É verdade que as empresas estrangeiras são obrigadas a respeitar as leis cubanas, mas também é verdade que novas leis foram aprovadas, entre elas a Lei de Investimentos Estrangeiros, para possibilitar que as multinacionais tenham muito mais direitos do que teriam em qualquer outro país do mundo. Por outro lado, as empresas que existem no país, sejam estatais, mistas ou de capital cubano ou estrangeiro, não trabalham para uma economia socialista (para um plano econômico central), mas para o mercado nacional e internacional. Também é necessário esclarecer que os cubanos que trabalham nas empresas internacionais não têm a proteção do Estado “socialista” cubano. Ao contrário, o trabalhador cubano não recebe o mesmo salário que essas empresas pagam em outras partes do mundo. Os cubanos só ganham os seus miseráveis 18 dólares mensais, sendo que a maioria dessas empresas é de propriedade mista (associadas com o Estado) Qual é, portanto, o papel do Estado cubano? Não só garantir os direitos do capital internacional para explorar cruelmente os trabalhadores cubanos, mas também ser sócio nessa exploração, que é qualitativamente superior àquela imposta na maioria dos países da América Latina e do mundo.

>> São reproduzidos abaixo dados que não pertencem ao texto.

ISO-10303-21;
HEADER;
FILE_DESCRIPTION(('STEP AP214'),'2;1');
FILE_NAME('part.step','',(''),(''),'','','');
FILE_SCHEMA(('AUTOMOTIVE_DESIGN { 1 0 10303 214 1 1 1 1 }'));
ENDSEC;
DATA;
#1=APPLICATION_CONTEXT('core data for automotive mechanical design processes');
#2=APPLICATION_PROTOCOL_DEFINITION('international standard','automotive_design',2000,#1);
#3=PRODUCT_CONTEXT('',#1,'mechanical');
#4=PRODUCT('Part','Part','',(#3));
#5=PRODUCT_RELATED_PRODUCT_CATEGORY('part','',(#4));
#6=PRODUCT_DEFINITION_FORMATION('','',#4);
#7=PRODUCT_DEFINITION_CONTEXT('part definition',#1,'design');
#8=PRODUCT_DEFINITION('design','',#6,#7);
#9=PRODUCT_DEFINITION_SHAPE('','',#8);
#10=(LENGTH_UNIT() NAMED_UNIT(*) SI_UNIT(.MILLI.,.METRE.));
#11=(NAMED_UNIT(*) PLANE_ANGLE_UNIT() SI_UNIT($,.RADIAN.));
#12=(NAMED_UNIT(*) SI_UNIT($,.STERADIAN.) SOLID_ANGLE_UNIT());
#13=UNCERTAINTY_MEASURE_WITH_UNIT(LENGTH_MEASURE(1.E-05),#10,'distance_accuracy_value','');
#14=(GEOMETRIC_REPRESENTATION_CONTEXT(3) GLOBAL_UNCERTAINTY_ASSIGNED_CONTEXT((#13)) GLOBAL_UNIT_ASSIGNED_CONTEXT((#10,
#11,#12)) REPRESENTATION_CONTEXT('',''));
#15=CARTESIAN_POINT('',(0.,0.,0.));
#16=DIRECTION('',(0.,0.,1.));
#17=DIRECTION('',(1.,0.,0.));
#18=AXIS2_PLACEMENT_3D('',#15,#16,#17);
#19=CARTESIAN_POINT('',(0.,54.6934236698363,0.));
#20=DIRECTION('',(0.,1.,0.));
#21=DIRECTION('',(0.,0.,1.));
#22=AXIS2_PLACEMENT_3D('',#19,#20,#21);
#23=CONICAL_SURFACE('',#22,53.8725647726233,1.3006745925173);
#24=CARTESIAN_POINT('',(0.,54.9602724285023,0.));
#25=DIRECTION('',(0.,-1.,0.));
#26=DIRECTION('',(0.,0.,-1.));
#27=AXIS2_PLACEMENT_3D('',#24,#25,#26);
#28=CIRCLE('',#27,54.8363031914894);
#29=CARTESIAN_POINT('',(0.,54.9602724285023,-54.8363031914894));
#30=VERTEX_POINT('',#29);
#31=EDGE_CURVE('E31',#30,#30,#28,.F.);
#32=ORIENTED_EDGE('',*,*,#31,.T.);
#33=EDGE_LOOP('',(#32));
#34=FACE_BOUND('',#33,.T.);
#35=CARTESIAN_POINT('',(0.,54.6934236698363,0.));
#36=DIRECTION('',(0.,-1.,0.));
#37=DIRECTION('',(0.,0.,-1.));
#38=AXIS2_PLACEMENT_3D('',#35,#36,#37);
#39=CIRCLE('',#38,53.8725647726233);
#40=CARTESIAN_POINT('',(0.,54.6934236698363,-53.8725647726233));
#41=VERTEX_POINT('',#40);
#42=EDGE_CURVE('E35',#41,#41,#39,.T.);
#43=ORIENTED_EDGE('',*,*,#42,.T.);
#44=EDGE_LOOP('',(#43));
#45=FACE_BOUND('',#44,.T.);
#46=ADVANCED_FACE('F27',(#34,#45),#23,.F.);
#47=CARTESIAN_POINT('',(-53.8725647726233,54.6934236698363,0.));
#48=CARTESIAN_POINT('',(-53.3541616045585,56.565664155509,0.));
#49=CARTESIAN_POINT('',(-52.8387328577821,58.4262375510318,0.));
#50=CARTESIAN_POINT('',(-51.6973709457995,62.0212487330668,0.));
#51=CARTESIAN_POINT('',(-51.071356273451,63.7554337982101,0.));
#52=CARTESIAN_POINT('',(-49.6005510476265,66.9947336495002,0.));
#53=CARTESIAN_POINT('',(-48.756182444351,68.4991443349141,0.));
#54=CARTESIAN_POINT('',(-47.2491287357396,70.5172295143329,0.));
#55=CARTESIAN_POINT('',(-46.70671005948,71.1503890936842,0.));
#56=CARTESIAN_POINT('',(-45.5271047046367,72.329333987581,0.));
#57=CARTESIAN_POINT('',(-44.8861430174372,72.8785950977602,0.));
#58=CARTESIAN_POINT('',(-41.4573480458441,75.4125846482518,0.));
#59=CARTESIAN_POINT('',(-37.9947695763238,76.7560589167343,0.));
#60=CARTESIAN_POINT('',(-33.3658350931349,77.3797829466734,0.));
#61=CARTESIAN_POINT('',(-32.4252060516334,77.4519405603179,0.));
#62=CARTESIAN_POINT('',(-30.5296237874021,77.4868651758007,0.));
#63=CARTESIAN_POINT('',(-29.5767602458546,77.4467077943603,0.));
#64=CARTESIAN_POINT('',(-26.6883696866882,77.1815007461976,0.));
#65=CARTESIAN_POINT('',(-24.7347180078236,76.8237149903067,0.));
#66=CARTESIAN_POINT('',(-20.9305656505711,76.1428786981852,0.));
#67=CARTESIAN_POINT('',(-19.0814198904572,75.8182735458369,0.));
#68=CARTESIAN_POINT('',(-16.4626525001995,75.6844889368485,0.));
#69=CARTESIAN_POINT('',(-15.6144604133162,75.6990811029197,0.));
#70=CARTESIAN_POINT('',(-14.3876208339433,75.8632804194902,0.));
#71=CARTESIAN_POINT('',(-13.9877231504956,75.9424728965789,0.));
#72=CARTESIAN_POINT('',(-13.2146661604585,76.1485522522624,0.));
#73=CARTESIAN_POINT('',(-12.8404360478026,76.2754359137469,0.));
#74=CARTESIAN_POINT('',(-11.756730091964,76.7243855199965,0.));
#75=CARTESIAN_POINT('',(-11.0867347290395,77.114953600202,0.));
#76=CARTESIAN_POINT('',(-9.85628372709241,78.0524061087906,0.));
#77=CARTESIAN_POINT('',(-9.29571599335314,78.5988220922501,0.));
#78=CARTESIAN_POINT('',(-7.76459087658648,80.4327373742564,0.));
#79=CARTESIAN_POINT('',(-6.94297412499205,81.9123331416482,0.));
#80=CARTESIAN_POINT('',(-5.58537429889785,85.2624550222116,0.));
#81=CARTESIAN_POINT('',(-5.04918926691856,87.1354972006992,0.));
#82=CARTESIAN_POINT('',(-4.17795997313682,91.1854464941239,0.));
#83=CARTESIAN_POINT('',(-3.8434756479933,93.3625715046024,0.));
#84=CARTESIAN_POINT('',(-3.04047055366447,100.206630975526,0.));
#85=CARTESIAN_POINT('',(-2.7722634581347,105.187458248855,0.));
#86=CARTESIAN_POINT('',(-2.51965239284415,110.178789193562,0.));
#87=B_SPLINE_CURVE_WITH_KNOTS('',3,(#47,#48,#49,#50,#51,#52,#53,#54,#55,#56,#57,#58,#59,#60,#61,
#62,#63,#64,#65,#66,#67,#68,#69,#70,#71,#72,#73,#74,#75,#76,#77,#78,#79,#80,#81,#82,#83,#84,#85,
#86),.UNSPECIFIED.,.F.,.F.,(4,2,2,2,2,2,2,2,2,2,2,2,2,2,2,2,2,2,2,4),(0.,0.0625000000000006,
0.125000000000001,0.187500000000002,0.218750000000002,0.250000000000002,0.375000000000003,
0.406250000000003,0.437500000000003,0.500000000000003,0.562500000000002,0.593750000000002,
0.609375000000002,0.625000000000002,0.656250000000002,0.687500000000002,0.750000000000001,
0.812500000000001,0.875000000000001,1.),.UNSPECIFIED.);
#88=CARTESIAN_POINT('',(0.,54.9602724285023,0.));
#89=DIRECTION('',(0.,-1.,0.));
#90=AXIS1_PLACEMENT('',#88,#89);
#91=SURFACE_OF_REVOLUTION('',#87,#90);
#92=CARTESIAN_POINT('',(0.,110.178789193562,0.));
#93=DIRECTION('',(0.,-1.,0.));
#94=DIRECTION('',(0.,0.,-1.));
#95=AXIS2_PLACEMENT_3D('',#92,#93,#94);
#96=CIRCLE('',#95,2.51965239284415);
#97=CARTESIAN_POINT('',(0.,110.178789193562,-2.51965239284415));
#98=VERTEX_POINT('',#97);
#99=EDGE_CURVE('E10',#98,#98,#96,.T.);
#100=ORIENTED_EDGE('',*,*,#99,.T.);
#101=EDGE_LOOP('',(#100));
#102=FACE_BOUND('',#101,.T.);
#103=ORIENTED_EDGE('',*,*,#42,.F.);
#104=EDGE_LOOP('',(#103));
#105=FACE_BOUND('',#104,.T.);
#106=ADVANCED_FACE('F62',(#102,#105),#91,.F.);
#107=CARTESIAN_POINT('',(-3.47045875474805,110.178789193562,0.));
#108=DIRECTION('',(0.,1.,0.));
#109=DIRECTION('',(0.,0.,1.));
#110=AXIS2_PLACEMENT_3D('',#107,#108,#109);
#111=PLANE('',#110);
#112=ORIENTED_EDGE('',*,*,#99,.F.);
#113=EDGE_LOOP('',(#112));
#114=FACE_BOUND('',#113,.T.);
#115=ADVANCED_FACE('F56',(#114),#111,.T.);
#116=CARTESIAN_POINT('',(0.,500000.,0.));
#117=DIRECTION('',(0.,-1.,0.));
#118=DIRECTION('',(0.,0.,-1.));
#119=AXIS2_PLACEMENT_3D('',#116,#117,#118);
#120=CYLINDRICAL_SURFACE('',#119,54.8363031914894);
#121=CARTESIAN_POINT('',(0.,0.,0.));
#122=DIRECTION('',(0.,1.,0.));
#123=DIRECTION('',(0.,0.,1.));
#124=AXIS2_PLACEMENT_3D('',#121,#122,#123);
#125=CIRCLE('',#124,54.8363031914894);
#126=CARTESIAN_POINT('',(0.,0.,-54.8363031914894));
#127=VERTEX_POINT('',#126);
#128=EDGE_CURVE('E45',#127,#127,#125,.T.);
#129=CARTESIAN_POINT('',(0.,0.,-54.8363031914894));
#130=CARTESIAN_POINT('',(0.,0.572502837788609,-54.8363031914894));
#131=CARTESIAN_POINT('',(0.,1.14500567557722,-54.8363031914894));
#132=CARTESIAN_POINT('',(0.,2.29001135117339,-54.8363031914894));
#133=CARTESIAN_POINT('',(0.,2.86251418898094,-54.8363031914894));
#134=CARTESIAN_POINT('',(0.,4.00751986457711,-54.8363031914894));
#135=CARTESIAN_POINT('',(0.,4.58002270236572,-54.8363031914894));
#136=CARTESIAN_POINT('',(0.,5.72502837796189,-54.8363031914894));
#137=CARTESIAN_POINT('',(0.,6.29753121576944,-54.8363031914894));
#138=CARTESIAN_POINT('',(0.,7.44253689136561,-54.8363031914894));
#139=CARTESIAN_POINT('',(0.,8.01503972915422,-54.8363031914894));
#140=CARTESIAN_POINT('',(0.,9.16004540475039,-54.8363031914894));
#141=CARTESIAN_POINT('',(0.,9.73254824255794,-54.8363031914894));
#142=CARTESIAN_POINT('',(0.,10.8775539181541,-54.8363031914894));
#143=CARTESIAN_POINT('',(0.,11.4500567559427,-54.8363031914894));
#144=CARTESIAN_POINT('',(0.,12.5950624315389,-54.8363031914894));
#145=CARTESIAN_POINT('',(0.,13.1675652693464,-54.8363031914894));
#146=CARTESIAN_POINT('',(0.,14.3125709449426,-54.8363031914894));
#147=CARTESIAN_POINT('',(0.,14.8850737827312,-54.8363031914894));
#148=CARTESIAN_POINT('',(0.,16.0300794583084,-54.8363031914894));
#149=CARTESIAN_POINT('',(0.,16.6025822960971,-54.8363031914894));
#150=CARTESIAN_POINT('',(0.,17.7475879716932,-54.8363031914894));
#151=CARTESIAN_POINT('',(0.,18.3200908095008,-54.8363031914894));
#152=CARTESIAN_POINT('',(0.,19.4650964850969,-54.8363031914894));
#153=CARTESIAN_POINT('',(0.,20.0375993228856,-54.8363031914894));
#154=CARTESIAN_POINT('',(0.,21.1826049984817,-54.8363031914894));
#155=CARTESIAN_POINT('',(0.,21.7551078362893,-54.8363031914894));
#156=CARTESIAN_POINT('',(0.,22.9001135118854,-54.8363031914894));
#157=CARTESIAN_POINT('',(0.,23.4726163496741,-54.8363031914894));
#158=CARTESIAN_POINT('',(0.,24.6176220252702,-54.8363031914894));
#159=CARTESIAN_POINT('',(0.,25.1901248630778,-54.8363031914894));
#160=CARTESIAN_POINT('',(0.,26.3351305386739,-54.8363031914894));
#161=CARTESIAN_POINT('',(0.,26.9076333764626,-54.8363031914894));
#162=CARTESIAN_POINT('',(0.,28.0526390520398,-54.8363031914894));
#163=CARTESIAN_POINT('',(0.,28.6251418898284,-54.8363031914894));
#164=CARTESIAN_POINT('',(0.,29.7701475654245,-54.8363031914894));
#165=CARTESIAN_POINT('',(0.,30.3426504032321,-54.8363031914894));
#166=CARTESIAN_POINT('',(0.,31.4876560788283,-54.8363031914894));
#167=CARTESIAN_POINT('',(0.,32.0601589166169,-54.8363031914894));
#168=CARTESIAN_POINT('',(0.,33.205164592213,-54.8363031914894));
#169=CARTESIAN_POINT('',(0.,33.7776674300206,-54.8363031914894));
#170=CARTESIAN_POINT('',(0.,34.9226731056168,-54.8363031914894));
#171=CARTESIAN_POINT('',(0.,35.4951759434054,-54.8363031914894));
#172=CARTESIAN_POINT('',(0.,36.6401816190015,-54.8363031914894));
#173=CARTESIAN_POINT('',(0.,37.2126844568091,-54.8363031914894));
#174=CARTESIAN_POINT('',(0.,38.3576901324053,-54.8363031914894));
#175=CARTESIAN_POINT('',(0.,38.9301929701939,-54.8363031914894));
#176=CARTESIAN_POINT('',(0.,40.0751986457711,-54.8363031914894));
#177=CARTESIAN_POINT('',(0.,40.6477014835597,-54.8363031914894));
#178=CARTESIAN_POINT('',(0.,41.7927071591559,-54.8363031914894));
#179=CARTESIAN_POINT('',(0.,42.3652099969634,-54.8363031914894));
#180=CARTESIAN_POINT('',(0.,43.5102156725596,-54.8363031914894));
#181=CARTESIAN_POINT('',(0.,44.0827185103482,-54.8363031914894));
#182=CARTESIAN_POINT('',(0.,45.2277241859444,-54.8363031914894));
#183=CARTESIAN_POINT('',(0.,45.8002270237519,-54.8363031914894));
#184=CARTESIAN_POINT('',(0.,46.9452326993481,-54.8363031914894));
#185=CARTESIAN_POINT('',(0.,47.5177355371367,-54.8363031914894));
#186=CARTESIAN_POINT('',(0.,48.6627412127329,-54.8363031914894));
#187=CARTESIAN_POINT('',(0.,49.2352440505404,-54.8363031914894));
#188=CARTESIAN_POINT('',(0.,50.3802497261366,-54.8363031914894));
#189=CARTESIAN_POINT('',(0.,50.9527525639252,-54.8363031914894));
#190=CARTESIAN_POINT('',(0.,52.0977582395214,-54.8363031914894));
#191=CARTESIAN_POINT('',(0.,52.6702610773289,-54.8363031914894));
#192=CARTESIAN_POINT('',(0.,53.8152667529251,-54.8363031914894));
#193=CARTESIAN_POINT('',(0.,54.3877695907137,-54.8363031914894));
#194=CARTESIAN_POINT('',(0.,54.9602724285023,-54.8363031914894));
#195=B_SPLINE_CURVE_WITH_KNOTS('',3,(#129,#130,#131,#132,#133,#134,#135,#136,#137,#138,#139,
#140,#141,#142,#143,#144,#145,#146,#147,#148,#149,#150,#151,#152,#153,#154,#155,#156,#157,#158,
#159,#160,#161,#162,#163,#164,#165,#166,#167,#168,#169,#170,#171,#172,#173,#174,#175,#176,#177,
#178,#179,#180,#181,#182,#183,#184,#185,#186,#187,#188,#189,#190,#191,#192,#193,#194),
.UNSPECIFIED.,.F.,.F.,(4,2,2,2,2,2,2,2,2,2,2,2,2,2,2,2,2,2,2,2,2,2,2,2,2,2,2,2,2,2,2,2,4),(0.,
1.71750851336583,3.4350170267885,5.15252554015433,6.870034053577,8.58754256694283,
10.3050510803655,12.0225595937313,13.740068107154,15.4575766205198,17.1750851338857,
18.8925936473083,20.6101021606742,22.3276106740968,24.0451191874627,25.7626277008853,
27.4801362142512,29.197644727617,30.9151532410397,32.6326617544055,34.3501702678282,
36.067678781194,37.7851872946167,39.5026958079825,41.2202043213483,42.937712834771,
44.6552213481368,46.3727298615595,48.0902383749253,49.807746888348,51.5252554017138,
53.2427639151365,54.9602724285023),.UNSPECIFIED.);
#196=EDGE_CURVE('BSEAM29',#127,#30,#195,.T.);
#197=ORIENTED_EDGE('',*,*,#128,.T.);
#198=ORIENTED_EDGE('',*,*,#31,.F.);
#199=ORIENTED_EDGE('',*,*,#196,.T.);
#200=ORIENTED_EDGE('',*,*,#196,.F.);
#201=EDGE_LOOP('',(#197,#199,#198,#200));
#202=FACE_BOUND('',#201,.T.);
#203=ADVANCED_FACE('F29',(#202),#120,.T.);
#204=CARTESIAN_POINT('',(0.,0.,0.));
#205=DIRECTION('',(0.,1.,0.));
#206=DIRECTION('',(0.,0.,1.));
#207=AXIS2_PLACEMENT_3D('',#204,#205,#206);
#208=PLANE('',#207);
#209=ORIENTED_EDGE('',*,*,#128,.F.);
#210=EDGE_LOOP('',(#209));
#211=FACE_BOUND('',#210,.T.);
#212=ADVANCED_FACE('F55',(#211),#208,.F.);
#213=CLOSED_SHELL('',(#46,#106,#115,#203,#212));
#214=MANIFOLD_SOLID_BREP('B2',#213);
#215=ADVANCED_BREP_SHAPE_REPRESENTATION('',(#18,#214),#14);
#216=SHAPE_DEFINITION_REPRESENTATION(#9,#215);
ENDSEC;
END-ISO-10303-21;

Cuba, o país das desigualdades
Os cubanos vivem no pior dos mundos. Trabalham, assim como os seus irmãos dos outros países, para uma economia de mercado, mas, em função dos seus salários, praticamente não têm acesso a esse mercado.

Talvez a cena mais triste para quem visita a Ilha seja ver as belas crianças cubanas sem brinquedos. Não com poucos brinquedos. Sem brinquedos. É que os brinquedos são proibidos. São artigos demasiado supérfluos para um pai ou uma mãe que ganham 18 dólares mensais.

Os salários dos trabalhadores cubanos, comparados com os dos trabalhadores do resto do mundo, sempre foram baixos, mas, como produto das medidas econômicas tomadas depois da revolução, o salário social era muito alto. O povo gastava muito pouco com a alimentação porque os trabalhadores comiam gratuitamente nas empresas e as crianças nas escolas, e os produtos básicos para a alimentação (e também para a limpeza) eram entregues pelo governo, a preços simbólicos, por meio da caderneta de abastecimento.

Hoje a realidade é oposta. Com a restauração da economia de mercado, os salários são mais baixos que antes e uma grande parte do salário social já desapareceu ou tende a desaparecer. Na maioria das empresas os refeitórios foram fechados, os novos planos do governo pretendem acabar com o período integral nas escolas e, finalmente, a maioria dos produtos que faziam parte da caderneta de abastecimento foi eliminada, ao mesmo tempo em que se anuncia o fim da própria caderneta.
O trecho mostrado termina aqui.